Aunque ya estaba eliminada del Mundial 2026, Turquía cerró su participación con una actuación memorable al derrotar por 3 a 2 a Estados Unidos en un encuentro vibrante disputado en Dallas. El conjunto europeo mostró carácter, eficacia y orgullo deportivo para despedirse de la competencia con una victoria que dejó una gran imagen.
Turquía, que había armado las valijas muy temprano, dio la sorpresa este jueves en el Mundial.
El elenco europeo venció por 3-2 a Estados Unidos en la última jugada de un partido que tuvo de todo y que significó el cierre de la actividad del Grupo D.
El anfitrión presentó un equipo alternativo, ya que el técnico argentino Mauricio Pochettino decidió darle descanso a figuras claves del equipo por la clasificación anticipada.
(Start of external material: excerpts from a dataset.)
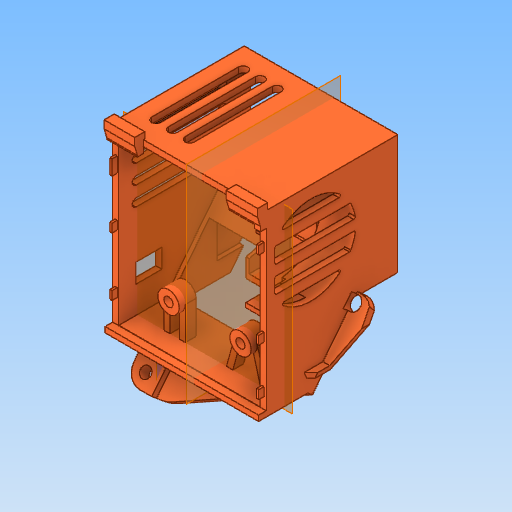
# Autodesk Inventor part: кожух2
Saved by Autodesk Inventor 2017 (Build 210142000, 142)
## iProperties
Part Number: кожух2
Material: Типовые
Document SubType Name: Modeling
Designer: Max
Mass: 19.7684 g
Surface Area: 231.932 cm^2
Volume: 19.7684 cm^3
Density: 1 g/cm^3
Appearance: Оранжевый
Author: Max
Autodesk Inventor part; units mm, degrees
ref_plane "YZ Plane" through (0, 0, 0) normal (1, 0, 0) x (0, 1, 0)
ref_plane "XZ Plane" through (0, 0, 0) normal (0, 1, 0) x (-1, 0, 0)
ref_plane "XY Plane" through (0, 0, 0) normal (0, 0, 1) x (1, 0, 0)
sketch "Эскиз1" plane through (0, 0, 0) normal (0, 0, 1) x (1, 0, 0)
  line L0 (1.3628, -26.8991) -> (1.3628, -29.3491) projected
  line L1 (1.3628, -29.3491) -> (24.1628, -29.3491) projected
  line L2 (24.1628, -29.3491) -> (24.1628, -4.9691) projected
  line L3 (24.1628, -4.9691) -> (13.8628, -4.9691) projected
  line L4 (13.8628, -4.9691) -> (13.8628, 12.3409) projected
  line L5 (13.8628, 12.3409) -> (24.1628, 12.3409) projected
  line L6 (24.1628, 12.3409) -> (24.1628, 22.1409) projected
  line L7 (24.1628, 22.1409) -> (22.1628, 22.1409) projected
  line L8 (22.1628, 22.1409) -> (22.1628, 23.2409) projected
  line L9 (22.1628, 23.2409) -> (19.7628, 23.2409) projected
  line L10 (19.7628, 23.2409) -> (19.7628, 20.2409) projected
  line L11 (19.7628, 20.2409) -> (15.3628, 20.2409) projected
  line L12 (15.3628, 20.2409) -> (15.3628, 23.2409) projected
  line L13 (15.3628, 23.2409) -> (13.8628, 23.2409) projected
  line L14 (13.8628, 23.2409) -> (13.8628, 27.2009) projected
  line L15 (13.8628, 27.2009) -> (-16.0172, 27.2009) projected
  line L16 (-16.0172, 27.2009) -> (-16.0172, 23.2409) projected
  line L17 (-16.0172, 23.2409) -> (-17.1172, 23.2409) projected
  line L18 (-17.1172, 23.2409) -> (-17.1172, 20.2009) projected
  line L19 (-17.1172, 20.2009) -> (-21.5172, 20.2009) projected
  line L20 (-21.5172, 20.2009) -> (-21.5172, 23.2409) projected
  line L21 (-21.5172, 23.2409) -> (-26.0172, 23.2409) projected
  line L22 (-26.0172, 23.2409) -> (-26.0172, -29.3491) projected
  line L23 (-26.0172, -29.3491) -> (-3.1372, -29.3491) projected
  line L24 (-3.1372, -29.3491) -> (-3.1372, -26.8991) projected
  line L25 (-3.1372, -26.8991) -> (1.3628, -26.8991) projected
  line L26 (-6.6027, 20.9009) -> (-7.4672, 20.9009) projected
  arc A0 (-6.6027, 20.9009) -> (-7.2289, 20.2627) centre (-4.7984, 18.5041) ccw projected
  line L27 (-7.2289, 20.2627) -> (-8.0672, 19.1042) projected
  arc A1 (-5.6572, 17.7284) -> (-8.0672, 19.1042) centre (-12.3972, 8.7209) ccw projected
  line L28 (-5.6572, 17.7284) -> (0.0428, 23.0709) projected
  line L29 (0.0428, 23.0709) -> (1.0428, 23.0709) projected
  line L30 (1.0428, 23.0709) -> (1.0428, -5.6291) projected
  line L31 (1.0428, -5.6291) -> (0.0428, -5.6291) projected
  line L32 (0.0428, -5.6291) -> (-3.9933, -1.8461) projected
  arc A2 (-3.9933, -1.8461) -> (-7.3822, -1.3495) centre (-6.0449, -4.0349) ccw projected
  arc A3 (-14.1715, 19.8301) -> (-7.3822, -1.3495) centre (-12.3972, 8.7209) ccw projected
  line L33 (-14.1715, 19.8301) -> (-7.4672, 20.9009) projected
  line L34 (3.2328, 20.0509) -> (3.2328, 26.3009) projected
  line L35 (3.2328, 26.3009) -> (11.7328, 26.3009) projected
  line L36 (11.7328, 26.3009) -> (11.7328, 20.0509) projected
  line L37 (11.7328, 20.0509) -> (3.2328, 20.0509) projected
  line L38 (2.9428, -9.0491) -> (2.9428, -2.8491) projected
  line L39 (2.9428, -2.8491) -> (11.3928, -2.8491) projected
  line L40 (11.3928, -2.8491) -> (11.3928, -9.0491) projected
  line L41 (11.3928, -9.0491) -> (2.9428, -9.0491) projected
  line L42 (11.1828, 15.3909) -> (11.1828, 4.1309) projected
  line L43 (11.1828, 4.1309) -> (3.5128, 4.1309) projected
  line L44 (3.5128, 4.1309) -> (3.5128, 15.3909) projected
  line L45 (3.5128, 15.3909) -> (5.2778, 15.3909) projected
  line L46 (5.2778, 15.3909) -> (5.2778, 7.1309) projected
  line L47 (5.2778, 7.1309) -> (9.4178, 7.1309) projected
  line L48 (9.4178, 7.1309) -> (9.4178, 15.3909) projected
  line L49 (9.4178, 15.3909) -> (11.1828, 15.3909) projected
  line L50 (-16.0372, -26.1691) -> (-16.0372, -22.6691) projected
  line L51 (-16.0372, -22.6691) -> (-10.7672, -22.6691) projected
  line L52 (-10.7672, -22.6691) -> (-10.7672, -26.1691) projected
  line L53 (-10.7672, -26.1691) -> (-16.0372, -26.1691) projected
  line L54 (-21.1172, -9.1491) -> (-21.1172, -6.5491) projected
  line L55 (-21.1172, -6.5491) -> (-15.8172, -6.5491) projected
  line L56 (-15.8172, -6.5491) -> (-15.8172, -9.1491) projected
  line L57 (-15.8172, -9.1491) -> (-21.1172, -9.1491) projected
  circle A4 centre (16.8328, -11.1491) radius 2.05 projected
  circle A5 centre (-11.7672, -18.4991) radius 2.05 projected
  circle A6 centre (11.7328, -18.4991) radius 2.05 projected
  circle A7 centre (-1.1672, -11.1291) radius 1.9 projected
  circle A8 centre (17.9828, 16.4009) radius 1.15 projected
  line L58 (-25.2172, 13.4509) -> (-25.2172, 18.3509) projected
  line L59 (-25.2172, 18.3509) -> (-24.5172, 18.3509) projected
  line L60 (-24.5172, 18.3509) -> (-24.5172, 13.4509) projected
  line L61 (-24.5172, 13.4509) -> (-25.2172, 13.4509) projected
  line L62 (-25.2172, -2.6491) -> (-25.2172, 0.1509) projected
  line L63 (-25.2172, 0.1509) -> (-24.5172, 0.1509) projected
  line L64 (-24.5172, 0.1509) -> (-24.5172, -2.6491) projected
  line L65 (-24.5172, -2.6491) -> (-25.2172, -2.6491) projected
  line L66 (-25.2172, -21.7291) -> (-25.2172, -18.9291) projected
  line L67 (-25.2172, -18.9291) -> (-24.5172, -18.9291) projected
  line L68 (-24.5172, -18.9291) -> (-24.5172, -21.7291) projected
  line L69 (-24.5172, -21.7291) -> (-25.2172, -21.7291) projected
  line L70 (22.7628, 15.1009) -> (22.7628, 17.9009) projected
  line L71 (22.7628, 17.9009) -> (23.4628, 17.9009) projected
  line L72 (23.4628, 17.9009) -> (23.4628, 15.1009) projected
  line L73 (23.4628, 15.1009) -> (22.7628, 15.1009) projected
  line L74 (22.7628, -25.7691) -> (22.7628, -22.9691) projected
  line L75 (22.7628, -22.9691) -> (23.4628, -22.9691) projected
  line L76 (23.4628, -22.9691) -> (23.4628, -25.7691) projected
  line L77 (23.4628, -25.7691) -> (22.7628, -25.7691) projected
  line L78 (22.7628, -10.3691) -> (22.7628, -7.5691) projected
  line L79 (22.7628, -7.5691) -> (23.4628, -7.5691) projected
  line L80 (23.4628, -7.5691) -> (23.4628, -10.3691) projected
  line L81 (23.4628, -10.3691) -> (22.7628, -10.3691) projected
  line L82 (-26.0172, -31.2191) -> (24.1628, -31.2191)
  line L83 (24.1628, -31.2191) -> (24.1628, 27.2009)
  line L84 (24.1628, 27.2009) -> (-26.0172, 27.2009)
  line L85 (-26.0172, 29.2009) -> (-26.0172, -31.2191)
  line L86 (-26.0172, -29.3491) -> (24.1628, -29.3491)
  line L87 (-24.0172, -29.3491) -> (-24.0172, 23.2409)
  line L88 (22.1628, -29.3491) -> (22.1628, 23.2409)
  line L89 (-16.0172, 23.2409) -> (-26.0172, 23.2409)
  line L90 (-26.0172, 29.2009) -> (-16.0172, 29.2009)
  line L91 (-16.0172, 29.2009) -> (-16.0172, 23.2409)
  line L92 (13.8628, 23.2409) -> (22.1628, 23.2409)
  line L93 (24.1628, 23.2409) -> (24.1628, 29.2009)
  line L94 (24.1628, 29.2009) -> (13.8628, 29.2009)
  line L95 (13.8628, 29.2009) -> (13.8628, 23.2409)
  line L96 (22.1628, 22.1409) -> (24.1628, 22.1409)
  line L97 (-26.0172, 23.2409) -> (-26.0172, 29.2009)
  line L98 (-26.0172, -31.2191) -> (24.1628, -31.2191)
  line L99 (24.1628, -31.2191) -> (24.1628, -29.3491)
  line L100 (24.1628, -29.3491) -> (-26.0172, -29.3491)
  line L101 (-26.0172, -29.3491) -> (-26.0172, -31.2191)
  line L102 (22.1628, 22.1409) -> (24.1628, 22.1409)
  line L103 (24.1628, 22.1409) -> (24.1628, -29.3491)
  line L104 (24.1628, -29.3491) -> (22.1628, -29.3491)
  line L105 (22.1628, -29.3491) -> (22.1628, 22.1409)
  line L106 (-24.0172, 23.2409) -> (-26.0172, 23.2409)
  line L107 (-26.0172, 23.2409) -> (-26.0172, -29.3491)
  line L108 (-26.0172, -29.3491) -> (-24.0172, -29.3491)
  line L109 (-24.0172, -29.3491) -> (-24.0172, 23.2409)
  line L110 (-16.0172, 27.2009) -> (13.8628, 27.2009)
  line L111 (13.8628, 27.2009) -> (13.8628, 25.2009)
  line L112 (24.1628, 25.2009) -> (-26.0172, 25.2009)
  line L113 (-16.0172, 25.2009) -> (-16.0172, 27.2009)
  line L114 (24.1628, 25.2009) -> (13.8628, 25.2009)
  line L115 (13.8628, 25.2009) -> (13.8628, 27.2009)
  line L116 (13.8628, 27.2009) -> (24.1628, 27.2009)
  line L117 (24.1628, 27.2009) -> (24.1628, 25.2009)
  line L118 (-26.0172, 25.2009) -> (-16.0172, 25.2009)
  line L119 (-16.0172, 25.2009) -> (-16.0172, 27.2009)
  line L120 (-16.0172, 27.2009) -> (-26.0172, 27.2009)
  line L121 (-26.0172, 27.2009) -> (-26.0172, 25.2009)
  line L122 (-24.0172, 23.2409) -> (-26.0172, 23.2409)
  line L123 (-26.0172, 23.2409) -> (-26.0172, 25.2009)
  line L124 (-26.0172, 25.2009) -> (-24.0172, 25.2009)
  line L125 (-24.0172, 25.2009) -> (-24.0172, 23.2409)
  line L126 (22.1628, 22.1409) -> (24.1628, 22.1409)
  line L127 (24.1628, 22.1409) -> (24.1628, 25.2009)
  line L128 (24.1628, 25.2009) -> (22.1628, 25.2009)
  line L129 (22.1628, 25.2009) -> (22.1628, 22.1409)
  point P0 (0, 0)
  dimension "d0" = 1.87
  dimension "d1" = 2
  dimension "d2" = 2
  dimension "d3" = 2
  dimension "d6" = 2
  constraints: 96 end point, 22 parallel, 13 point on line, 11 horizontal, 11 perpendicular, 7 collinear, 1 vertical
  measures "d0" distance between parallel lines of L23 L82
  measures "d1" distance between parallel lines of L87 L22
  measures "d2" distance between parallel lines of L83 L88
  measures "d3" distance between parallel lines of L15 L90
  measures "d6" distance between parallel lines of L15 L112
extrude "Выдавливание1" add sketch "Эскиз1" against normal blind 43 contours L1 L83 L82 L85 L23 L86 | L88 L3 L2 L1 | L88 L5 L83 L3 | L23 L22 L21 L87 | L88 L7 L6 L5 | L21 L85 L112 L125 | L8 L129 L112 L83 L7 | L112 L85 L84 L16 | L16 L15 L14 L112 L36 L35 L34 | L112 L14 L84 L83 | L85 L90 L91 L84 | L34 L35 L36 L112 | L58 L59 L60 L61 | L62 L63 L64 L65 | L66 L67 L68 L69 | L70 L71 L72 L73 | L74 L75 L76 L77 | L78 L79 L80 L81
extrude "Выдавливание2" cut sketch "Эскиз1" against normal blind 43 contours L85 L90 L91 L84
sketch "Эскиз2" plane through (0, 0, 0) normal (0, 0, 1) x (1, 0, 0)
  line L0 (-16.0172, 29.2009) -> (-16.0172, 23.2409) projected
  line L1 (-26.0172, 29.2009) -> (-16.0172, 29.2009) projected
  line L2 (-16.0172, 23.2409) -> (-26.0172, 23.2409) projected
  line L3 (13.8628, 23.2409) -> (13.8628, 27.2009) projected
  line L4 (13.8628, 29.2009) -> (13.8628, 23.2409) projected
  line L5 (24.1628, 29.2009) -> (13.8628, 29.2009) projected
  line L6 (24.1628, 23.2409) -> (24.1628, 29.2009) projected
  line L7 (24.1628, 22.1409) -> (22.1628, 22.1409) projected
  line L8 (22.1628, 25.2009) -> (22.1628, -29.3491) projected
  line L9 (22.1628, 23.2409) -> (19.7628, 23.2409) projected
  line L10 (13.8628, 23.2409) -> (22.1628, 23.2409) projected
  line L11 (24.1628, 23.2409) -> (24.1628, 22.1409)
  line L12 (24.1628, -31.2191) -> (24.1628, 27.2009) projected
  line L13 (-26.0172, 23.2409) -> (-26.0172, 29.2009)
  line L14 (-26.0172, -31.2191) -> (-26.0172, 27.2009) projected
  point P0 (0, 0)
  constraints: 4 end point, 2 collinear
extrude "Выдавливание3" add sketch "Эскиз2" along normal blind 2.8
sketch "Эскиз3" plane through (24.1628, -31.2191, -43) normal (1, 0, 0) x (0, 0, -1)
  line L0 (-43, 53.36) -> (-45.8, 53.36) projected
  line L1 (-44.92, 53.36) -> (-44.92, 54.8992)
  line L2 (-44.92, 54.8992) -> (-45.8, 57.8704)
  line L3 (-45.8, 53.36) -> (-45.8, 60.42) projected
  line L4 (-45.8, 54.46) -> (-45.8, 53.36) projected
  line L5 (-45.8, 57.8704) -> (-45.8, 53.36)
  line L6 (-44.92, 53.36) -> (-45.8, 53.36)
  point P0 (-43, 31.2191)
  dimension "d11" = 1.92
  constraints: 8 end point, 2 collinear, 2 point on line, 1 vertical
  measures "d11" distance from line of L0.start L1
extrude "Выдавливание4" cut sketch "Эскиз3" against normal blind 55
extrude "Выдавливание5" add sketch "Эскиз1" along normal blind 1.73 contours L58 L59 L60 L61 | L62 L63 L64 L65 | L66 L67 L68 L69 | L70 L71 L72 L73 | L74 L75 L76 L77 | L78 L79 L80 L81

Sin embargo, el local golpeó de entrada con un golazo del defensor Trusty.
Pero la alegría duró un suspiro: Arda Guler empató a los 10 minutos. El volante capitalizó un rebote y puso el 1-1. Más tarde, a los 31, Kokcu dio vuelta las cosas para cerrar un primer tiempo con vientos a favor de los turcos.
En el complemento, Estados Unidos volvió a apretar el acelerador de entrada. Sebastian Berhalter aprovechó un error en la última línea visitante y marcó el 2 a 2 a los 49 minutos. A partir de ahí, el desarrollo del juego mantuvo la paridad y todo indicaba que la historia terminaba en un empate clavado.
La gran sorpresa de la noche llegó en el tiempo de descuento. Kaan Ayhan, que había ingresado un rato antes desde el banco de suplentes, puso el 3-2 agónico. Con el gol y la victoria, el equipo de Montella cortó una racha de 24 años sin triunfos en Copas del Mundo.
Turquía se despidió de la Copa del Mundo con una sonrisa. El seleccionado europeo derrotó por 3 a 2 a Estados Unidos en uno de los partidos más entretenidos de la última jornada de la fase de grupos y dejó en claro que, pese a la eliminación, nunca renunció a competir.
El encuentro tuvo un ritmo intenso desde el comienzo. Ambos equipos salieron decididos a buscar el arco rival y generaron situaciones de peligro constantes, convirtiendo el partido en un espectáculo atractivo para los miles de espectadores presentes en el estadio.
Estados Unidos, que llegaba con posibilidades de clasificación, intentó imponer condiciones aprovechando el apoyo de su público. Sin embargo, Turquía respondió con personalidad y aprovechó cada espacio que dejó la defensa norteamericana para lastimar en ataque.
La selección turca mostró una gran eficacia ofensiva y logró marcar diferencias en momentos clave del encuentro. Cada vez que Estados Unidos parecía acercarse en el marcador, los europeos encontraron respuestas rápidas para volver a tomar ventaja.
A lo largo del segundo tiempo, el conjunto estadounidense buscó reaccionar y empujó con intensidad en busca del empate. El equipo local generó oportunidades claras y mantuvo la incertidumbre hasta los minutos finales, pero se encontró con una defensa turca sólida y concentrada.
Más allá del resultado, Turquía dejó una imagen positiva por su actitud competitiva. A pesar de llegar sin chances matemáticas de avanzar a la siguiente ronda, jugó con seriedad, compromiso y determinación, demostrando respeto por el torneo y por sus hinchas.
Para Estados Unidos, la derrota representó un duro golpe. El equipo norteamericano necesitaba sumar para fortalecer sus aspiraciones en el grupo, pero terminó pagando caro algunas desatenciones defensivas y la falta de contundencia en momentos decisivos.
Con este triunfo, Turquía cerró su participación mundialista con la frente en alto y una victoria para el recuerdo. Aunque no logró avanzar a las instancias decisivas, se marcha dejando una actuación digna y la sensación de que pudo haber tenido mejor suerte en un grupo extremadamente competitivo.